--- INFORMATION Enclosed Below ---

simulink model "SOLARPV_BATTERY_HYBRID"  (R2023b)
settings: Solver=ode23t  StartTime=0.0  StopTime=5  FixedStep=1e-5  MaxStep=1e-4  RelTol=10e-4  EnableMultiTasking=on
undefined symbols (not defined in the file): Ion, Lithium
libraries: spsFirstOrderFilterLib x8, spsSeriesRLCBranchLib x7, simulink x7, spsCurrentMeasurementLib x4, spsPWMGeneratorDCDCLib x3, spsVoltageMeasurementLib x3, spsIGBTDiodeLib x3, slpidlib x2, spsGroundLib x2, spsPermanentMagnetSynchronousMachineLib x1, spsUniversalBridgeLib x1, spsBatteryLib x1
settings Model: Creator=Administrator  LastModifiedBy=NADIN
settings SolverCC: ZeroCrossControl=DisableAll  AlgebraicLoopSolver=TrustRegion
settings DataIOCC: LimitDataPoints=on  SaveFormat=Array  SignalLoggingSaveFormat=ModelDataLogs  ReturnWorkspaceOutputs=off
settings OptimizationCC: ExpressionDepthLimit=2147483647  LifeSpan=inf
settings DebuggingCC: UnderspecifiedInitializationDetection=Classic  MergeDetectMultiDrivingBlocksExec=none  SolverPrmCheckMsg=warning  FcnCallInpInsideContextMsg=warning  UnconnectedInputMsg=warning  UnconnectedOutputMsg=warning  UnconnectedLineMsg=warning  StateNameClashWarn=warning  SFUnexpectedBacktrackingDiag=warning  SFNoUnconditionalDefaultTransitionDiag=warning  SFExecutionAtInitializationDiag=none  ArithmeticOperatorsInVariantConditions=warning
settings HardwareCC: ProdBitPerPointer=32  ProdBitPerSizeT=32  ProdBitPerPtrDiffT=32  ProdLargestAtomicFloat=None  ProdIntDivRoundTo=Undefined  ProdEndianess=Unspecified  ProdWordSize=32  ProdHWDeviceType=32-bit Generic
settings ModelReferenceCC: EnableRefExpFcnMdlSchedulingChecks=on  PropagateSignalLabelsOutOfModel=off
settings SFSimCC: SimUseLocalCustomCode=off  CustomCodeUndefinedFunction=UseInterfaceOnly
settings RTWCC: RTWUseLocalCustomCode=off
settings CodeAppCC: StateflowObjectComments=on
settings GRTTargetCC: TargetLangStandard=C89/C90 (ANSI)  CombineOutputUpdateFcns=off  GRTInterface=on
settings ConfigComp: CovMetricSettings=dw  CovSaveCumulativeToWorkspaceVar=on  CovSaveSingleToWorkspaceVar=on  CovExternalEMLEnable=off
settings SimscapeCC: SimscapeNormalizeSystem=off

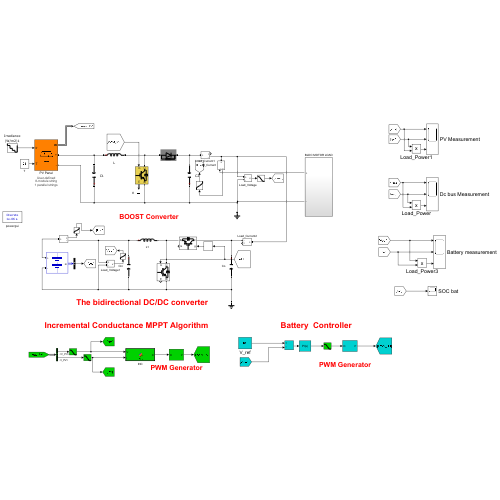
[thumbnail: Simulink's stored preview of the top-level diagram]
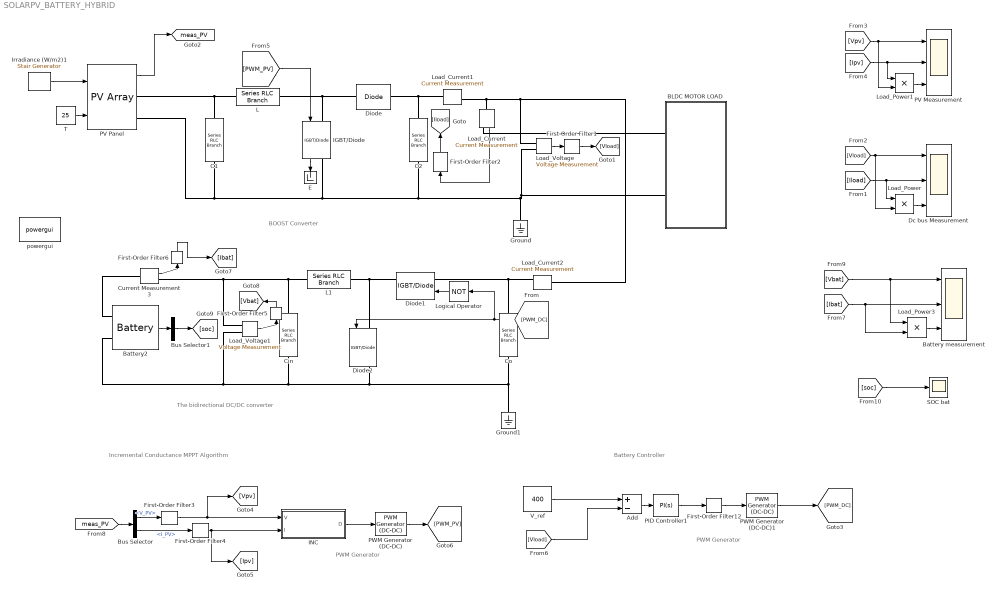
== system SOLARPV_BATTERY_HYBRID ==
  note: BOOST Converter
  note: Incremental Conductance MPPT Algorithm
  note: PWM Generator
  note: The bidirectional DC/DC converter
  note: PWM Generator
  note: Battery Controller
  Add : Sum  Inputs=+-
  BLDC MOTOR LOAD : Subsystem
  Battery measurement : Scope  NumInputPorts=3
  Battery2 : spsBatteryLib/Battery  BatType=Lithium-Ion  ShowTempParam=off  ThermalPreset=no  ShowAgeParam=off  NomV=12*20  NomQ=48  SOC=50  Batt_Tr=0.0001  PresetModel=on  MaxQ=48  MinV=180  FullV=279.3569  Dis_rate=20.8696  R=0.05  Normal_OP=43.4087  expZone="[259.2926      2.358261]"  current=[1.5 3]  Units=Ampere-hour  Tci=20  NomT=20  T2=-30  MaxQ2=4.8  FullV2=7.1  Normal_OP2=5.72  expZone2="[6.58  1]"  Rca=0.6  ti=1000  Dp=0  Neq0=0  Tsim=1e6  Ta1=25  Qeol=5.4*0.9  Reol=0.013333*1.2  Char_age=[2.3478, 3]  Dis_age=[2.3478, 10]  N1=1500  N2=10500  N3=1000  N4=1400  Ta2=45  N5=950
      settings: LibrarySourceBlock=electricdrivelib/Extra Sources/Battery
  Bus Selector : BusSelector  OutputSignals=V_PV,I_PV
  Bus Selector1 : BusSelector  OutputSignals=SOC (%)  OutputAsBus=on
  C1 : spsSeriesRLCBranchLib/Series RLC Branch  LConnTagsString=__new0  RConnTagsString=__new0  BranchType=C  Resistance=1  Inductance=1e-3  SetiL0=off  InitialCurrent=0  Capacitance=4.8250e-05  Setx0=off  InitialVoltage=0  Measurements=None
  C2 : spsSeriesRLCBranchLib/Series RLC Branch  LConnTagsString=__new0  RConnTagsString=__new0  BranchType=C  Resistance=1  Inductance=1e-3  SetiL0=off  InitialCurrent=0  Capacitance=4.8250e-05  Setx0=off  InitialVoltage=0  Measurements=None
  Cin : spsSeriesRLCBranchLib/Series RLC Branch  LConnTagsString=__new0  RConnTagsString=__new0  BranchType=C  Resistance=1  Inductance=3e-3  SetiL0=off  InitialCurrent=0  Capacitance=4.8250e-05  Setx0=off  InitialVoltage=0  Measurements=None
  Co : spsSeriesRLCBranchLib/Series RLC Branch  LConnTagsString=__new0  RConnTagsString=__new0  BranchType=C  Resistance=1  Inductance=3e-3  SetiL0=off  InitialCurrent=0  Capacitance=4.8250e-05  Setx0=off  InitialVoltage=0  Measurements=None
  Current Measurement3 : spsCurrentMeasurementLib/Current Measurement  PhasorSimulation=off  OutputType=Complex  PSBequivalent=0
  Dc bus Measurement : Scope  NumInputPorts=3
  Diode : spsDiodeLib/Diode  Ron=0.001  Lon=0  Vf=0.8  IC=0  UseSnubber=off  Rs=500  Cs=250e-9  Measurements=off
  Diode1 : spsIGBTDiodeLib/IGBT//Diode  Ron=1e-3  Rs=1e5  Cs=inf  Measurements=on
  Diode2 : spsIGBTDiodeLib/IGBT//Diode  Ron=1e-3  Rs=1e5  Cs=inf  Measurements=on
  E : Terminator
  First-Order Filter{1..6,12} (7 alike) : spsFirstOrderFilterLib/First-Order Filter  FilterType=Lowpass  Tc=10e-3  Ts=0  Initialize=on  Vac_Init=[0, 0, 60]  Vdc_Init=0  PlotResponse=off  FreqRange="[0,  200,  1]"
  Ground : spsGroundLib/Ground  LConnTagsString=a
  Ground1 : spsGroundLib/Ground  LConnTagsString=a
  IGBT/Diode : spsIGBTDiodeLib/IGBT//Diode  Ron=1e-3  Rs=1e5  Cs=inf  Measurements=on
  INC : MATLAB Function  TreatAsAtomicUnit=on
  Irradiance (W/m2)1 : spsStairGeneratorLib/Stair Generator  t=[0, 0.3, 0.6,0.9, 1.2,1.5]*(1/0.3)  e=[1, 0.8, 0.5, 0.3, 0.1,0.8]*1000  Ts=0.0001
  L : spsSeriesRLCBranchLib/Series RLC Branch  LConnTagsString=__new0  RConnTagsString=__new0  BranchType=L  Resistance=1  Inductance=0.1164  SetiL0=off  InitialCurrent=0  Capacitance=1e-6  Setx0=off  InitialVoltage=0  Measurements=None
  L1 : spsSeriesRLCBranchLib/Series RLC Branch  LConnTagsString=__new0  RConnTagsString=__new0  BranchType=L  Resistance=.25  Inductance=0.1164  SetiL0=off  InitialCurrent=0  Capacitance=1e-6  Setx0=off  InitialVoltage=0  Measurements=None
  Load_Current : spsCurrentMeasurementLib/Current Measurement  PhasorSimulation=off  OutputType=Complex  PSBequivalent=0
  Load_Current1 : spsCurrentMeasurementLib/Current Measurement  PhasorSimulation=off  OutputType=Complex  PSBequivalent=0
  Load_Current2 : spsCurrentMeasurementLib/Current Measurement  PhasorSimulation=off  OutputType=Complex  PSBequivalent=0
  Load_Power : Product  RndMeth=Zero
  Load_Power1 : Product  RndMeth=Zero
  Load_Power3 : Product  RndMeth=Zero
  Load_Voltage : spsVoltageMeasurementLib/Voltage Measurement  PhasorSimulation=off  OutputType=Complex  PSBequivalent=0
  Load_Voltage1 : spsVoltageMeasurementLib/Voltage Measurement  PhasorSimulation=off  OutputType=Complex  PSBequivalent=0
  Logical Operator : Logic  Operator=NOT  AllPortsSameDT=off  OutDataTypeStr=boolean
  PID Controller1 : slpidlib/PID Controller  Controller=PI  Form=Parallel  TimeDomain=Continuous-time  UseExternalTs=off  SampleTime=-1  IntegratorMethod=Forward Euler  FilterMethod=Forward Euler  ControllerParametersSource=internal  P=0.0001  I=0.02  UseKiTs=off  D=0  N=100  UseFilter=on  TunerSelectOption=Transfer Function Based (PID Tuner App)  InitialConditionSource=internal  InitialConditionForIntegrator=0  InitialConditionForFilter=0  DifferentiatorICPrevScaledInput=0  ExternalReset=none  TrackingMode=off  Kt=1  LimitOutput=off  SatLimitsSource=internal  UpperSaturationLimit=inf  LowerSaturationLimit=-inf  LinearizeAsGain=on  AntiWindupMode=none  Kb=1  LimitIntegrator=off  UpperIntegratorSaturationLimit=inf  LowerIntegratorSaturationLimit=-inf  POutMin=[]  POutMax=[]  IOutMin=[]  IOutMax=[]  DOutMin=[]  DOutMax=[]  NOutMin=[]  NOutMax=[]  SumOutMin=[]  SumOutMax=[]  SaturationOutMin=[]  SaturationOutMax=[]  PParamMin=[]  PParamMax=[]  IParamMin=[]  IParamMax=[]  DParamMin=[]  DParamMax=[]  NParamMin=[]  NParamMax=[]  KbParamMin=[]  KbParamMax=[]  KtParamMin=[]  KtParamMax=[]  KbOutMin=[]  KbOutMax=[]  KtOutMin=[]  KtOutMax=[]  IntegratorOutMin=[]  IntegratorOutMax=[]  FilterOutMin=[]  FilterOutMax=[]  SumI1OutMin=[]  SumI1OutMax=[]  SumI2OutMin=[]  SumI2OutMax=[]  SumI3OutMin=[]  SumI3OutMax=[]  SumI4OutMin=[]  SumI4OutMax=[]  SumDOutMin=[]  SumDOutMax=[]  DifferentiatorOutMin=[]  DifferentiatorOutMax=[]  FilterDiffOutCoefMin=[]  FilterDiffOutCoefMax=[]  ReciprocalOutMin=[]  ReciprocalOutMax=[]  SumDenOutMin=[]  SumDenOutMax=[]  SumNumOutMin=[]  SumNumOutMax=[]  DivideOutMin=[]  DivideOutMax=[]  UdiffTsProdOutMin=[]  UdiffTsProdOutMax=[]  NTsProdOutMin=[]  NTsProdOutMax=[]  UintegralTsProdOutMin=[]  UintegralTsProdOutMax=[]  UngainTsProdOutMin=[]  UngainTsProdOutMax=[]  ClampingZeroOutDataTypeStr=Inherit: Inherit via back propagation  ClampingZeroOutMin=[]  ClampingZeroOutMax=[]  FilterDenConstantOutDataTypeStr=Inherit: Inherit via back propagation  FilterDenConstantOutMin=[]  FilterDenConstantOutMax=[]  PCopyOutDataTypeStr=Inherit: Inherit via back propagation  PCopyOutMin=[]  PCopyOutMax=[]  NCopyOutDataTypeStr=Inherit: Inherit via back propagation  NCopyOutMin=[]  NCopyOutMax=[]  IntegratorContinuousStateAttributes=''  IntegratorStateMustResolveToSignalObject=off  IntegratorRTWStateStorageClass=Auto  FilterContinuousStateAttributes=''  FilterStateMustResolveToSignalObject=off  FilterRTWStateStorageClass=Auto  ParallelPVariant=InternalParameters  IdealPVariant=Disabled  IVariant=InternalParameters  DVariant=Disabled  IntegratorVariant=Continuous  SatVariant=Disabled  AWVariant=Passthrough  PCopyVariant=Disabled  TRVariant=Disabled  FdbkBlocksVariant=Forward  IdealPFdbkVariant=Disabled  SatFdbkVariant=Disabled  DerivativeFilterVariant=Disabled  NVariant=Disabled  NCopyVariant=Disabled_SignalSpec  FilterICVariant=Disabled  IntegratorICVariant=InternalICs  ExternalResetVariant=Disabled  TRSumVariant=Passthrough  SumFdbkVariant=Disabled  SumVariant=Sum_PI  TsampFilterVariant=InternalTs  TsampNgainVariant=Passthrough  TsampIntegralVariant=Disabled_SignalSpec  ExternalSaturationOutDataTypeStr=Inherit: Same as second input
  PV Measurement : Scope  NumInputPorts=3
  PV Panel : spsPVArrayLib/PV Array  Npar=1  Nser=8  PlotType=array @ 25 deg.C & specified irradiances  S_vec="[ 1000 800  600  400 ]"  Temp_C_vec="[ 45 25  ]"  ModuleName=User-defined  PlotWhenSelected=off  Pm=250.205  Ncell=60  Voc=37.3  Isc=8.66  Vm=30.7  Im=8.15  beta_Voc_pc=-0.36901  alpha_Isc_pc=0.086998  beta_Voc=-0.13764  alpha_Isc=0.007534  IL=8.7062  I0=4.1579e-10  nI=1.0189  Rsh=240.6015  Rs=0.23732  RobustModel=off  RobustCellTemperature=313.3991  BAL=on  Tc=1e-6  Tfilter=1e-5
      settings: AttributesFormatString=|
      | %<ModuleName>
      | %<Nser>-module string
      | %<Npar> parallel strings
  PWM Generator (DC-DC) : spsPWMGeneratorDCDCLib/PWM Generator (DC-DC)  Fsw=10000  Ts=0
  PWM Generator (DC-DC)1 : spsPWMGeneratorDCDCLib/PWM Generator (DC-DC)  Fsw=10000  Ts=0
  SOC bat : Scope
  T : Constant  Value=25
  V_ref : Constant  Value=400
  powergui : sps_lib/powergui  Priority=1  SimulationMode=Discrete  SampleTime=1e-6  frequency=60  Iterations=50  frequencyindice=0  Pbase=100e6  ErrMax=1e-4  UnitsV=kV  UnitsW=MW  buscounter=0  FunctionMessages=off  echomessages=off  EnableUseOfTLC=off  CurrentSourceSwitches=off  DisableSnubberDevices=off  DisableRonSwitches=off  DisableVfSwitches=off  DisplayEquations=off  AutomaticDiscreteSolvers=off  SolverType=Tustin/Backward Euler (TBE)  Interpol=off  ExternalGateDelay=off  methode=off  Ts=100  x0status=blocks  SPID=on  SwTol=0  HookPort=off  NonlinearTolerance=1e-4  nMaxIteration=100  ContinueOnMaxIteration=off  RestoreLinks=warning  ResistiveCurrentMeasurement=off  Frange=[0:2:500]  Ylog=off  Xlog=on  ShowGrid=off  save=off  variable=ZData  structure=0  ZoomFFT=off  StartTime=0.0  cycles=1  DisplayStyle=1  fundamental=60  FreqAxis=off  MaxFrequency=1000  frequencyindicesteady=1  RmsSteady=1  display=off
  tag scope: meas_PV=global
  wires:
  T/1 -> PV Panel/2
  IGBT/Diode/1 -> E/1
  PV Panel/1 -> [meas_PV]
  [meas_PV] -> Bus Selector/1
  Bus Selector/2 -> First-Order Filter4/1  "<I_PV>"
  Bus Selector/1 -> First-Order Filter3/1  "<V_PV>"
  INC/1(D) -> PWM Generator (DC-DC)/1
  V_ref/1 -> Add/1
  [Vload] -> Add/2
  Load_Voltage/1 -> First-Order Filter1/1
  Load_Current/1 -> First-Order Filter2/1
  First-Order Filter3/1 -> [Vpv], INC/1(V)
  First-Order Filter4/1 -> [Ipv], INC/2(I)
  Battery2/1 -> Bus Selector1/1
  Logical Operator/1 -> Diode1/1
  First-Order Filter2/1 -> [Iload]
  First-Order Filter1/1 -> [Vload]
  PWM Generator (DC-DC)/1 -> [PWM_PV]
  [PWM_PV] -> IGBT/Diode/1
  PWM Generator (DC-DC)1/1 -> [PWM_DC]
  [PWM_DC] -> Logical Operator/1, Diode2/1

--- End of Enclosed INFORMATION ---

- WORK TASK -
Using the data above, repeat exactly the lines that begin at the line with "undefined symbols (not" and end at the line with "settings GRTTargetCC: TargetLangStandard=C89/C90", both ends included.

- TASK OUTPUT -
undefined symbols (not defined in the file): Ion, Lithium
libraries: spsFirstOrderFilterLib x8, spsSeriesRLCBranchLib x7, simulink x7, spsCurrentMeasurementLib x4, spsPWMGeneratorDCDCLib x3, spsVoltageMeasurementLib x3, spsIGBTDiodeLib x3, slpidlib x2, spsGroundLib x2, spsPermanentMagnetSynchronousMachineLib x1, spsUniversalBridgeLib x1, spsBatteryLib x1
settings Model: Creator=Administrator  LastModifiedBy=NADIN
settings SolverCC: ZeroCrossControl=DisableAll  AlgebraicLoopSolver=TrustRegion
settings DataIOCC: LimitDataPoints=on  SaveFormat=Array  SignalLoggingSaveFormat=ModelDataLogs  ReturnWorkspaceOutputs=off
settings OptimizationCC: ExpressionDepthLimit=2147483647  LifeSpan=inf
settings DebuggingCC: UnderspecifiedInitializationDetection=Classic  MergeDetectMultiDrivingBlocksExec=none  SolverPrmCheckMsg=warning  FcnCallInpInsideContextMsg=warning  UnconnectedInputMsg=warning  UnconnectedOutputMsg=warning  UnconnectedLineMsg=warning  StateNameClashWarn=warning  SFUnexpectedBacktrackingDiag=warning  SFNoUnconditionalDefaultTransitionDiag=warning  SFExecutionAtInitializationDiag=none  ArithmeticOperatorsInVariantConditions=warning
settings HardwareCC: ProdBitPerPointer=32  ProdBitPerSizeT=32  ProdBitPerPtrDiffT=32  ProdLargestAtomicFloat=None  ProdIntDivRoundTo=Undefined  ProdEndianess=Unspecified  ProdWordSize=32  ProdHWDeviceType=32-bit Generic
settings ModelReferenceCC: EnableRefExpFcnMdlSchedulingChecks=on  PropagateSignalLabelsOutOfModel=off
settings SFSimCC: SimUseLocalCustomCode=off  CustomCodeUndefinedFunction=UseInterfaceOnly
settings RTWCC: RTWUseLocalCustomCode=off
settings CodeAppCC: StateflowObjectComments=on
settings GRTTargetCC: TargetLangStandard=C89/C90 (ANSI)  CombineOutputUpdateFcns=off  GRTInterface=on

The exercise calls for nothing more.